Prior to the kernel invocation, the total number of chunks to be processed must be known.
// Compression description
using COMP = decltype(nvcompdx::Direction<nvcompdx::direction::compress> + ...);
// Decompression description
using DECOMP = decltype(nvcompdx::Direction<nvcompdx::direction::decompress> + ...);
// Calculate the total amount of global memory scratch space required
// for the whole kernel execution in bytes.
//
// - num_chunks[in] The total number of chunks processed by the kernel
__host__ constexpr size_t COMP::tmp_size_total(size_t num_chunks);
// or
__host__ constexpr size_t DECOMP::tmp_size_total(size_t num_chunks);
Warning
The scratch buffer allocation requirements may change between nvCOMPDx releases, therefore, please always make sure to query the scratch buffer requirements and allocate the scratch buffers accordingly. Using scratch buffers smaller than their required size is considered undefined behavior.
Alignment Methods#
nvCOMPDx requires its buffers to be aligned to specific byte boundaries. The alignment requirements may be different for different algorithms, and may also depend on the selected execution level (warp or block) and selected data type. The alignments required for the input, output, shared, and global scratch buffers are always going to be a power of 2.
Note
Global memory allocations directly provided by cudaMalloc(...)
, cudaMallocPitch(...)
, etc., return buffers with 256-byte alignment, and therefore these allocations automatically satisfy the input, output, and global scratch buffer alignment requirements.
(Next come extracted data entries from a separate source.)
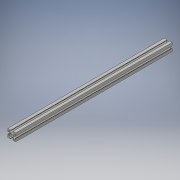
# Autodesk Inventor part: 20 in 80-20 extrusion
Saved by Autodesk Inventor 2016 SP2 (Build 200236200, 236)
## iProperties
Created: 2018-01-11
Part Number: 20 in 80-20 extrusion
Material: Generic
Document SubType Name: Modeling
Designer: CAD
Density: 1 g/cm^3
Appearance: Default
Author: CAD
Autodesk Inventor part; units mm, degrees
ref_plane "YZ Plane" through (0, 0, 0) normal (1, 0, 0) x (0, 1, 0)
ref_plane "XZ Plane" through (0, 0, 0) normal (0, 1, 0) x (-1, 0, 0)
ref_plane "XY Plane" through (0, 0, 0) normal (0, 0, 1) x (1, 0, 0)
sketch "Sketch1" plane through (0, 0, 0) normal (0, 0, 1) x (1, 0, 0)
  line L0 (-12.7, 12.7) -> (12.7, 12.7)
  line L1 (12.7, 12.7) -> (12.7, -12.7)
  line L2 (12.7, -12.7) -> (-12.7, -12.7)
  line L3 (-12.7, -12.7) -> (-12.7, 12.7)
  point P0 (0, 0)
  dimension "d0" = 25.4
  dimension "d1" = 25.4
  dimension "d2" = 12.7
  dimension "d3" = 12.7
  constraints: 8 end point, 2 parallel, 1 horizontal, 1 perpendicular
  measures "d0" distance of L1.end L2.end
  measures "d1" distance of L0.end L1.end
  measures "d2" distance from line of L1 point (0, 0)
  measures "d3" distance from line of point (0, 0) L0
extrude "Extrusion1" add sketch "Sketch1" along normal blind 508
sketch "Sketch2" plane through (0, 0, 508) normal (0, 0, 1) x (1, 0, 0)
  circle A0 centre (0, 0) radius 2.54
  line L0 (-4.5085, 4.5085) -> (4.5085, 4.5085)
  line L1 (-4.5085, -4.5085) -> (4.5085, -4.5085)
  line L2 (4.5085, 4.5085) -> (4.5085, -4.5085)
  line L3 (-4.5085, 4.5085) -> (-4.5085, -4.5085)
  line L4 (-3.0896, 4.5085) -> (-11.2811, 12.7)
  line L5 (-4.5085, 3.0537) -> (-12.7, 11.2452)
  line L6 (12.7, 12.7) -> (-12.7, 12.7) projected
  line L7 (-12.7, 12.7) -> (-12.7, 4.0005)
  line L8 (-10.668, 4.0005) -> (-10.668, 9.2132)
  line L9 (-9.2491, 10.668) -> (-3.3655, 10.668)
  line L10 (-12.7, 12.7) -> (-3.3655, 12.7)
  line L11 (-2.7305, 11.303) -> (-2.7305, 12.065)
  line L12 (-12.065, 3.3655) -> (-11.303, 3.3655)
  arc A1 (-12.7, 4.0005) -> (-12.065, 3.3655) centre (-12.065, 4.0005) ccw
  arc A2 (-11.303, 3.3655) -> (-10.668, 4.0005) centre (-11.303, 4.0005) ccw
  arc A3 (-3.3655, 10.668) -> (-2.7305, 11.303) centre (-3.3655, 11.303) ccw
  arc A4 (-2.7305, 12.065) -> (-3.3655, 12.7) centre (-3.3655, 12.065) ccw
  arc A5 (-3.3655, -11.303) -> (-4.0005, -10.668) centre (-4.0005, -11.303) ccw
  line L13 (-3.3655, -12.065) -> (-3.3655, -11.303)
  arc A6 (-4.0005, -12.7) -> (-3.3655, -12.065) centre (-4.0005, -12.065) ccw
  line L14 (-3.0537, -4.5085) -> (-11.2452, -12.7)
  line L15 (-10.668, -9.2491) -> (-10.668, -3.3655)
  line L16 (-4.5085, -3.0896) -> (-12.7, -11.2811)
  line L17 (-12.7, -12.7) -> (-12.7, -3.3655)
  arc A7 (-10.668, -3.3655) -> (-11.303, -2.7305) centre (-11.303, -3.3655) ccw
  line L18 (-11.303, -2.7305) -> (-12.065, -2.7305)
  arc A8 (-12.065, -2.7305) -> (-12.7, -3.3655) centre (-12.065, -3.3655) ccw
  line L19 (-4.0005, -10.668) -> (-9.2132, -10.668)
  line L20 (-12.7, -12.7) -> (-4.0005, -12.7)
  arc A9 (11.303, -3.3655) -> (10.668, -4.0005) centre (11.303, -4.0005) ccw
  line L21 (12.065, -3.3655) -> (11.303, -3.3655)
  arc A10 (12.7, -4.0005) -> (12.065, -3.3655) centre (12.065, -4.0005) ccw
  line L22 (4.5085, -3.0537) -> (12.7, -11.2452)
  line L23 (9.2491, -10.668) -> (3.3655, -10.668)
  line L24 (3.0896, -4.5085) -> (11.2811, -12.7)
  line L25 (12.7, -12.7) -> (3.3655, -12.7)
  arc A11 (3.3655, -10.668) -> (2.7305, -11.303) centre (3.3655, -11.303) ccw
  line L26 (2.7305, -11.303) -> (2.7305, -12.065)
  arc A12 (2.7305, -12.065) -> (3.3655, -12.7) centre (3.3655, -12.065) ccw
  line L27 (10.668, -4.0005) -> (10.668, -9.2132)
  line L28 (12.7, -12.7) -> (12.7, -4.0005)
  arc A13 (3.3655, 11.303) -> (4.0005, 10.668) centre (4.0005, 11.303) ccw
  line L29 (3.3655, 12.065) -> (3.3655, 11.303)
  arc A14 (4.0005, 12.7) -> (3.3655, 12.065) centre (4.0005, 12.065) ccw
  line L30 (3.0537, 4.5085) -> (11.2452, 12.7)
  line L31 (10.668, 9.2491) -> (10.668, 3.3655)
  line L32 (4.5085, 3.0896) -> (12.7, 11.2811)
  line L33 (12.7, 12.7) -> (12.7, 3.3655)
  arc A15 (10.668, 3.3655) -> (11.303, 2.7305) centre (11.303, 3.3655) ccw
  line L34 (11.303, 2.7305) -> (12.065, 2.7305)
  arc A16 (12.065, 2.7305) -> (12.7, 3.3655) centre (12.065, 3.3655) ccw
  line L35 (4.0005, 10.668) -> (9.2132, 10.668)
  line L36 (12.7, 12.7) -> (4.0005, 12.7)
  line L37 (-4.5085, 3.0537) -> (-4.5085, 4.5085)
  line L38 (-3.0896, 4.5085) -> (-4.5085, 4.5085)
  line L39 (-12.7, -12.7) -> (-4.0005, -12.7)
  line L40 (-4.0005, -10.668) -> (-9.2132, -10.668)
  line L41 (-10.668, -9.2491) -> (-10.668, -3.3655)
  line L42 (-12.7, -12.7) -> (-12.7, -3.3655)
  line L43 (-11.303, -2.7305) -> (-12.065, -2.7305)
  arc A17 (-10.668, -3.3655) -> (-11.303, -2.7305) centre (-11.303, -3.3655) ccw
  arc A18 (-12.065, -2.7305) -> (-12.7, -3.3655) centre (-12.065, -3.3655) ccw
  line L44 (-4.5085, -3.0896) -> (-4.5085, -4.5085)
  line L45 (-4.5085, -3.0896) -> (-12.7, -11.2811)
  line L46 (-3.0537, -4.5085) -> (-4.5085, -4.5085)
  line L47 (-3.0537, -4.5085) -> (-11.2452, -12.7)
  line L48 (-4.5085, -4.5085) -> (-4.5085, 4.5085)
  circle A19 centre (0, 0) radius 2.54
  line L49 (-4.5085, -4.5085) -> (4.5085, -4.5085)
  line L50 (-3.3655, -12.065) -> (-3.3655, -11.303)
  arc A20 (-4.0005, -12.7) -> (-3.3655, -12.065) centre (-4.0005, -12.065) ccw
  arc A21 (-3.3655, -11.303) -> (-4.0005, -10.668) centre (-4.0005, -11.303) ccw
  line L51 (12.7, -12.7) -> (12.7, -4.0005)
  line L52 (10.668, -4.0005) -> (10.668, -9.2132)
  line L53 (9.2491, -10.668) -> (3.3655, -10.668)
  line L54 (12.7, -12.7) -> (3.3655, -12.7)
  line L55 (2.7305, -11.303) -> (2.7305, -12.065)
  arc A22 (3.3655, -10.668) -> (2.7305, -11.303) centre (3.3655, -11.303) ccw
  arc A23 (2.7305, -12.065) -> (3.3655, -12.7) centre (3.3655, -12.065) ccw
  line L56 (3.0896, -4.5085) -> (4.5085, -4.5085)
  line L57 (3.0896, -4.5085) -> (11.2811, -12.7)
  line L58 (4.5085, -3.0537) -> (4.5085, -4.5085)
  line L59 (4.5085, -3.0537) -> (12.7, -11.2452)
  line L60 (4.5085, -4.5085) -> (-4.5085, -4.5085)
  circle A24 centre (0, 0) radius 2.54
  line L61 (4.5085, -4.5085) -> (4.5085, 4.5085)
  line L62 (12.065, -3.3655) -> (11.303, -3.3655)
  arc A25 (12.7, -4.0005) -> (12.065, -3.3655) centre (12.065, -4.0005) ccw
  arc A26 (11.303, -3.3655) -> (10.668, -4.0005) centre (11.303, -4.0005) ccw
  line L63 (12.7, 12.7) -> (4.0005, 12.7)
  line L64 (4.0005, 10.668) -> (9.2132, 10.668)
  line L65 (10.668, 9.2491) -> (10.668, 3.3655)
  line L66 (12.7, 12.7) -> (12.7, 3.3655)
  line L67 (11.303, 2.7305) -> (12.065, 2.7305)
  arc A27 (10.668, 3.3655) -> (11.303, 2.7305) centre (11.303, 3.3655) ccw
  arc A28 (12.065, 2.7305) -> (12.7, 3.3655) centre (12.065, 3.3655) ccw
  line L68 (4.5085, 3.0896) -> (4.5085, 4.5085)
  line L69 (4.5085, 3.0896) -> (12.7, 11.2811)
  line L70 (3.0537, 4.5085) -> (4.5085, 4.5085)
  line L71 (3.0537, 4.5085) -> (11.2452, 12.7)
  line L72 (4.5085, 4.5085) -> (4.5085, -4.5085)
  circle A29 centre (0, 0) radius 2.54
  line L73 (4.5085, 4.5085) -> (-4.5085, 4.5085)
  line L74 (3.3655, 12.065) -> (3.3655, 11.303)
  arc A30 (4.0005, 12.7) -> (3.3655, 12.065) centre (4.0005, 12.065) ccw
  arc A31 (3.3655, 11.303) -> (4.0005, 10.668) centre (4.0005, 11.303) ccw
  point P0 (-12.7, 3.3655)
  point P1 (-2.7305, 12.7)
  point P2 (-3.3655, -12.7)
  point P3 (-12.7, -2.7305)
  point P4 (12.7, -3.3655)
  point P5 (2.7305, -12.7)
  point P6 (3.3655, 12.7)
  point P7 (12.7, 2.7305)
  point P8 (-3.3655, -12.7)
  point P9 (-12.7, -2.7305)
  point P10 (12.7, -3.3655)
  point P11 (2.7305, -12.7)
  point P12 (3.3655, 12.7)
  point P13 (12.7, 2.7305)
  dimension "d6" = 5.08
  dimension "d7" = 9.017
  dimension "d8" = 4.5085
  dimension "d9" = 4.5085
  dimension "d10" = 4.5085
  dimension "d11" = 2.032
  dimension "d12" = 1.0033
  dimension "d13" = 135
  dimension "d17" = 9.3345
  dimension "d19" = 2.032
  dimension "d20" = 2.032
  dimension "d21" = 0.635
  dimension "d22" = 9.3345
  dimension "d25" = 360
  dimension "d29" = 360
  constraints: 148 end point, 59 point on line, 56 point on circle, 32 centre point, 8 tangent, 4 horizontal, 4 vertical, 3 coincident, 3 equal radius, 1 collinear, 1 parallel, 1 perpendicular, 300 other
  measures "d6" diameter of A0
  measures "d7" distance between parallel lines of L0 L1
  measures "d8" distance from line of L0 point (0, 0)
  measures "d9" distance from line of point (0, 0) L2
  measures "d10" distance from line of point (0, 0) L3
  measures "d11" distance between parallel lines of L5 L4
  measures "d12" distance from line of L0.start L4
  measures "d13" angle of L0 L4
  measures "d17" distance of L6.end point (-12.7, 3.365)
  measures "d19" distance between parallel lines of L7 L8
  measures "d20" distance between parallel lines of L6 L9
  measures "d21" radius of A1
  measures "d22" distance of L6.end L10.end
extrude "Extrusion2" cut sketch "Sketch2" against normal blind 1219.2 contours L3 L5 L7 L6 L4 L0 | L0 L2 L1 L3 | L30 L6 L33 L32 L2 L0 | L4 L6 A4 L11 A3 L9 | L3 L1 L14 L20 L17 L16 | L8 A2 L12 A1 L7 L5 | L35 A13 L29 A14 L6 L30 | L16 L17 A8 L18 A7 L15 | L22 L28 L25 L24 L1 L2 | L32 L33 A16 L34 A15 L31 | L19 A5 L13 A6 L20 L14 | L27 A9 L21 A10 L28 L22 | L24 L25 A12 L26 A11 L23 keep common part
equation "\"d22\" = d17"
body "Solid1"
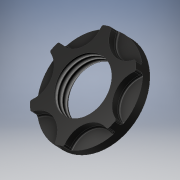
# Autodesk Inventor part: Part2
Saved by Autodesk Inventor 2019 (Build 230136000, 136)
## iProperties
Created: 2021-05-14
Part Number: Part2
Material: Generic
Document SubType Name: Modeling
Designer: HP
Density: 1 g/cm^3
Appearance: Default
Author: HP
Autodesk Inventor part; units mm, degrees
ref_plane "YZ Plane" through (0, 0, 0) normal (1, 0, 0) x (0, 1, 0)
ref_plane "XZ Plane" through (0, 0, 0) normal (0, 1, 0) x (-1, 0, 0)
ref_plane "XY Plane" through (0, 0, 0) normal (0, 0, 1) x (1, 0, 0)
sketch "Sketch1" plane through (0, 0, 0) normal (0, 0, 1) x (1, 0, 0)
  circle A0 centre (0, 0) radius 27.5
  circle A1 centre (0, 0) radius 15
  dimension "d0" = 55
  dimension "d1" = 30
  constraints: 2 centre point, 2 coincident
  measures "d0" diameter of A0
  measures "d1" diameter of A1
extrude "Extrusion1" add sketch "Sketch1" along normal blind 10
sketch "Sketch2" plane through (0, 0, 10) normal (0, 0, 1) x (1, 0, 0)
  circle A0 centre (0, 0) radius 27.5
  arc A1 (-10.874, 25.258783) -> (11.632095, 24.918755) centre (0.473516, 31.341506) ccw
  constraints: 4 point on circle, 1 centre point
extrude "Extrusion2" cut sketch "Sketch2" against normal blind 5 contours A1 A0 picked at (3.778626, 24.499715)
fillet "Fillet1" radius 1 3 edges at (0.279, 18.468, 5) (-10.874, 25.2588, 7.5) (11.6321, 24.9188, 7.5)
pattern_circular "Circular Pattern1" count 6 over 360 about axis through (0, 0, 0) along (0, 0, 1) of "Extrusion2", "Fillet1"
thread "Thread1" size "M30x3.5" class "6H" standard "ANSI Metric M Profile" full length
body "Solid1"
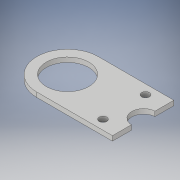
# Autodesk Inventor part: motor connector
Saved by Autodesk Inventor 2018 (Build 220112000, 112)
## iProperties
Created: 2019-01-23
Part Number: motor connector
Material: Generic
Document SubType Name: Modeling
Designer: s-2513225
Density: 1 g/cm^3
Appearance: Default
Author: s-2513225
Autodesk Inventor part; units mm, degrees
ref_plane "YZ Plane" through (0, 0, 0) normal (1, 0, 0) x (0, 1, 0)
ref_plane "XZ Plane" through (0, 0, 0) normal (0, 1, 0) x (-1, 0, 0)
ref_plane "XY Plane" through (0, 0, 0) normal (0, 0, 1) x (1, 0, 0)
sketch "Sketch1" plane through (0, 0, 0) normal (0, 1, 0) x (-1, 0, 0)
  circle A0 centre (0, 0) radius 14.2875
  arc A1 (0, -20.6375) -> (0, 20.6375) centre (0, 0) ccw
  line L0 (0, 20.6375) -> (-50.8, 20.6375)
  line L1 (0, -20.6375) -> (-50.8, -20.6375)
  line L2 (-50.8, -20.6375) -> (-50.8, -7.9375)
  line L3 (-50.8, 20.6375) -> (-50.8, 7.9375)
  arc A2 (-50.8, -7.9375) -> (-50.8, 7.9375) centre (-51.136, 0) ccw
  line L4 (-50.8, 14.2875) -> (-38.1, 14.2875) construction
  line L5 (-50.8, -14.2875) -> (-38.1, -14.2875) construction
  circle A3 centre (-38.1, -14.2875) radius 2.5797
  circle A4 centre (-38.1, 14.2875) radius 2.5797
  dimension "d0" = 28.575
  dimension "d1" = 6.35
  dimension "d2" = 50.8
  dimension "d3" = 50.8
  dimension "d4" = 12.7
  dimension "d5" = 12.7
  dimension "d6" = 12.7
  dimension "d7" = 5.1594
  dimension "d8" = 5.1594
  constraints: 12 end point, 5 centre point, 4 horizontal, 4 point on circle, 3 coincident, 2 midpoint, 2 tangent, 1 perpendicular, 1 vertical
  measures "d0" diameter of A0
  measures "d1" radial gap between concentric circles of A0 A1
  measures "d2" distance of L0.start L0.end
  measures "d3" distance of L1.start L1.end
  measures "d4" distance of L1.end L2.end
  measures "d5" distance of L0.end L3.end
  measures "d6" distance of L4.start L4.end
  measures "d7" diameter of A3
  measures "d8" diameter of A4
extrude "Extrusion1" add sketch "Sketch1" along normal blind 3.175
body "Solid1"
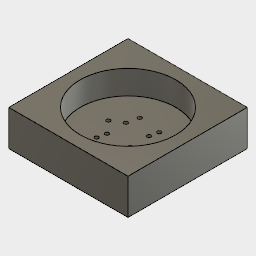
TreadForm v3 (Autodesk Fusion 360 design; units mm, degrees)
Autodesk Fusion 360 part; units mm, degrees
sketch "Sketch1" plane through (0, 0, 0) normal (0, 1, 0) x (1, 0, 0)
  line L0 (-63.5, 63.5) -> (63.5, 63.5)
  line L1 (63.5, 63.5) -> (63.5, -63.5)
  line L2 (63.5, -63.5) -> (-63.5, -63.5)
  line L3 (-63.5, -63.5) -> (-63.5, 63.5)
  constraint horizontal L0
  constraint vertical L1
  constraint horizontal L2
  constraint vertical L3
extrude "Extrude1" add sketch "Sketch1" along normal blind 38.1
sketch "Sketch2" plane through (0, 38.1, 0) normal (0, 1, 0) x (-1, 0, 0)
  line L0 (63.5, 63.5) -> (-63.5, 63.5)
  line L1 (-63.5, 63.5) -> (-63.5, -63.5)
  line L2 (-63.5, -63.5) -> (63.5, -63.5)
  line L3 (63.5, -63.5) -> (63.5, 63.5)
  circle A0 centre (0, 0) radius 50.8
  constraint coincident A0.centre origin
extrude "Extrude2" cut sketch "Sketch2" against normal blind 25.4 contours A0
sketch "Sketch6" plane through (0, 0, 0) normal (0, 1, 0) x (1, 0, 0)
  line L0 (-139.6725, 0.0069) -> (-172.6925, 0.0069)
  line L1 (-172.6925, -25.3931) -> (-139.6725, -25.3931)
  line L2 (-139.6725, -25.3931) -> (-139.6725, 0.0069)
  line L3 (-172.6925, -7.6131) -> (-177.7725, -7.6131)
  line L4 (-177.7725, -7.6131) -> (-177.7725, -5.0731)
  line L5 (-177.7725, -5.0731) -> (-182.8525, -5.0731)
  line L6 (-182.8525, -5.0731) -> (-182.8525, -20.3131)
  line L7 (-182.8525, -20.3131) -> (-177.7725, -20.3131)
  line L8 (-177.7725, -20.3131) -> (-177.7725, -17.7731)
  line L9 (-177.7725, -17.7731) -> (-172.6925, -17.7731)
  line L10 (-172.6925, 0.0069) -> (-172.6925, -7.6131)
  line L11 (-172.6925, -17.7731) -> (-172.6925, -25.3931)
  constraint horizontal L0
  constraint vertical L10
  constraint horizontal L1
  constraint vertical L2
  constraint perpendicular L3 L10
  constraint perpendicular L3 L4
  constraint perpendicular L4 L5
  constraint perpendicular L5 L6
  constraint perpendicular L6 L7
  constraint perpendicular L7 L8
  constraint perpendicular L8 L9
  constraint collinear L10 L11
sketch "Sketch9" plane through (0, 12.7, 0) normal (0, 1, 0) x (-1, 0, 0)
  circle A0 centre (0, 0) radius 50.8
  circle A1 centre (0, 0) radius 23.8125
  dimension "d23" = 47.625
  dimension "d24" = 60
  dimension "d25" = 60
  dimension "d26" = 60
  dimension "d27" = 60
  dimension "d28" = 60
  dimension "d29" = 60
  constraint concentric A0 A1
  constraint coincident A1
  constraint coincident A1 A0.centre
  measures "d23" diameter of A1
  measures "d24" angle of A0.centre
  measures "d27" angle of A0.centre
hole "Hole2" at (-23.6501, 12.7, -2.7764) at (-9.4206, 12.7, -21.8698) at (14.2295, 12.7, -19.0934) at (23.6501, 12.7, 2.7764) at (9.4206, 12.7, 21.8698) at (-14.2295, 12.7, 19.0934) direction (0, -1, 0) diameter 4.064 depth 50.8 tip angle 118
sketch "Sketch10" plane through (0, 12.7, 0) normal (0, 1, 0) x (-1, 0, 0)
  circle A0 centre (-9.4206, 21.8698) radius 2.032
  circle A1 centre (-14.2295, -19.0934) radius 2.032
  circle A2 centre (23.6501, -2.7764) radius 2.032
  circle A3 centre (9.4206, -21.8698) radius 2.032
  circle A4 centre (-23.6501, 2.7764) radius 2.032
  circle A5 centre (14.2295, 19.0934) radius 2.032
  circle A6 centre (0, 0) radius 50.8
  circle A7 centre (0, 0) radius 15.875
  dimension "d33" = 31.75
  constraint concentric A6 A7
  constraint coincident A7 A6.centre
  measures "d33" diameter of A7
hole "Hole3" at (-12.2777, 12.7, -10.0635) at (12.2777, 12.7, -10.0635) at (12.2777, 12.7, 10.0635) at (-12.2777, 12.7, 10.0635) direction (0, -1, 0) diameter 4.064 depth 50.8 tip angle 118
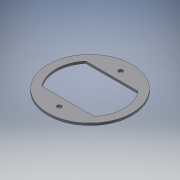
# Autodesk Inventor part: retainer
Saved by Autodesk Inventor 2018 (Build 220112000, 112)
## iProperties
Created: 2018-04-19
Part Number: retainer
Material: Generic
Document SubType Name: Modeling
Designer: Cole Tucker
Density: 1 g/cm^3
Appearance: Default
Author: Cole Tucker
Autodesk Inventor part; units mm, degrees
ref_plane "YZ Plane" through (0, 0, 0) normal (1, 0, 0) x (0, 1, 0)
ref_plane "XZ Plane" through (0, 0, 0) normal (0, 1, 0) x (-1, 0, 0)
ref_plane "XY Plane" through (0, 0, 0) normal (0, 0, 1) x (1, 0, 0)
sketch "Sketch1" plane through (0, 0, 0) normal (0, 1, 0) x (-1, 0, 0)
  circle A0 centre (0, 0) radius 24.765
  circle A1 centre (0, 0) radius 30.48
  dimension "d0" = 49.53
  dimension "d1" = 60.96
  constraints: 2 centre point, 2 coincident
  measures "d0" diameter of A0
  measures "d1" diameter of A1
extrude "Extrusion1" add sketch "Sketch1" along normal blind 1.6002
sketch "Sketch2" plane through (0, 1.6002, 0) normal (0, 1, 0) x (1, 0, 0)
  line L0 (0, 0) -> (0, 15.9004)
  line L1 (0, 15.9004) -> (-18.9864, 15.9004)
  circle A0 centre (0, 0) radius 24.765 projected
  line L2 (0, 15.9004) -> (18.9864, 15.9004)
  dimension "d4" = 15.9004
  constraints: 6 end point, 2 point on circle, 1 perpendicular, 1 point on line, 1 vertical
  measures "d4" distance of L0.start L0.end
extrude "Extrusion2" add sketch "Sketch2" against normal blind 1.6002 contours L1 A0 L2 picked at (-11.1522, 17.2995)
pattern_circular "Circular Pattern1" count 2 over 360 about axis through (0, 0, 0) along (0, 1, 0) of "Extrusion2"
sketch "Sketch3" plane through (0, 1.6002, 0) normal (0, 1, 0) x (1, 0, 0)
  circle A0 centre (0, 0) radius 30.48 projected
  line L0 (-18.9864, -15.9004) -> (18.9864, -15.9004) projected
  line L1 (0, 0) -> (0, -22.2504)
  dimension "d11" = 22.2504
  constraints: 2 end point, 1 coincident, 1 vertical
  measures "d11" distance of L1.start L1.end
hole "Hole1" at (0, 1.6002, 22.2504) direction (0, -1, 0) diameter 3.175 depth 25.4 tip angle 118
pattern_circular "Circular Pattern2" count 2 over 360 about axis through (0, 0, 0) along (0, 1, 0) of "Hole1"
body "Solid1"
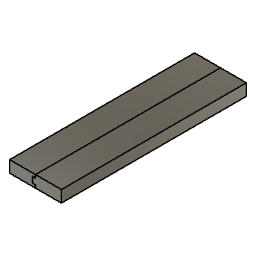
Tongue and Groove Joint (Autodesk Fusion 360 design; units mm, degrees)
Autodesk Fusion 360 part; units mm, degrees
sketch "Base" plane through (0, 0, 0) normal (1, 0, 0) x (0, 1, 0)
  line L0 (-40, 50) -> (260, 50)
  line L1 (260, 50) -> (260, 31)
  line L2 (260, 31) -> (-40, 31)
  line L3 (-40, 31) -> (-40, 50)
  dimension "d4" = 300
  dimension "d5" = 19
  constraint horizontal L0
  constraint vertical L1
  constraint horizontal L2
  constraint vertical L3
  measures "d4" distance of L0.start L0.end
  measures "d5" distance of L0.start L2.end
extrude "Extrude1" add sketch "Base" against normal blind 42 makes body 1
copy_body "Body->Comp1" bodies 1 removing the originals makes body 2 in component "First Piece"
sketch "Cut" plane through (0, 0, 0) normal (1, 0, 0) x (0, 1, 0)
  line L0 (-40, 31) -> (260, 31)
  line L1 (260, 31) -> (260, 50)
  line L2 (260, 50) -> (-40, 50)
  line L3 (-40, 50) -> (-40, 31)
  line L4 (-40, 45.25) -> (260, 45.25)
  line L5 (260, 45.25) -> (260, 35.75)
  line L6 (260, 35.75) -> (-40, 35.75)
  line L7 (-40, 35.75) -> (-40, 45.25)
  dimension "d8" = 300
  dimension "d9" = 9.5
  constraint horizontal L4
  constraint vertical L5
  constraint horizontal L6
  constraint vertical L7
  constraint coincident L3 L4.start
  constraint midpoint L1 L5
  measures "d8" distance of L4.start L4.end
  measures "d9" distance of L4.start L6.end
extrude "Extrude1'" cut sketch "Cut" against normal blind 5 contours L1 L3 L4 L5 L6 L7 bodies 2 in component "First Piece"
extrude "Extrude1''" add sketch "Cut" against normal blind 5 separate body contours L1 L3 L4 L5 L6 L7 makes body 3 in component "Second Piece"
extrude "Extrude2" add sketch "Cut" along normal blind 42 bodies 3 in component "Second Piece"
component "First Piece" placed x (1, 0, 0) y (0, 1, 0) z (0, 0, 1) at (0, 0, 0)
component "Second Piece" placed x (1, 0, 0) y (0, 1, 0) z (0, 0, 1) at (0, 0, 0)
equation "length = 300 mm"
equation "width = 42 mm"
equation "thickness = 19 mm"
equation "d4 = length"
equation "d5 = thickness"
equation "d6 = -width"
equation "d8 = length"
equation "d9 = thickness / 2"
equation "d14 = width"
named bodies: "First Piece", "Second Piece"

// Compression description
using COMP = decltype(nvcompdx::Direction<nvcompdx::direction::compress> + ...);
// Decompression description
using DECOMP = decltype(nvcompdx::Direction<nvcompdx::direction::decompress> + ...);
// Retrieve the required alignment for the shared memory scratch buffer.
__device__ __host__ constexpr size_t COMP::shmem_alignment();
// or
__device__ __host__ constexpr size_t DECOMP::shmem_alignment();
// Retrieve the required alignment for the global memory scratch buffer.
__device__ __host__ constexpr size_t COMP::tmp_alignment();
// or
__device__ __host__ constexpr size_t DECOMP::tmp_alignment();
// Retrieve the required alignment for the input data. Depending on the
// direction, this can mean either the uncompressed/raw buffer (compressor) or
// the compressed buffer (decompressor).
__device__ __host__ constexpr size_t COMP::input_alignment();
// or
__device__ __host__ constexpr size_t DECOMP::input_alignment();
// Retrieve the required alignment for the output data. Depending on the
// direction, this can mean either the compressed buffer (compressor) or
// the decompressed buffer (decompressor).
__device__ __host__ constexpr size_t COMP::output_alignment();
// or
__device__ __host__ constexpr size_t DECOMP::output_alignment();
Warning
The alignment requirements may change between nvCOMPDx releases, therefore, please always make sure to query the alignment requirements before invoking nvCOMPDx methods. Violating alignment requirements for any of the required buffers is considered undefined behavior.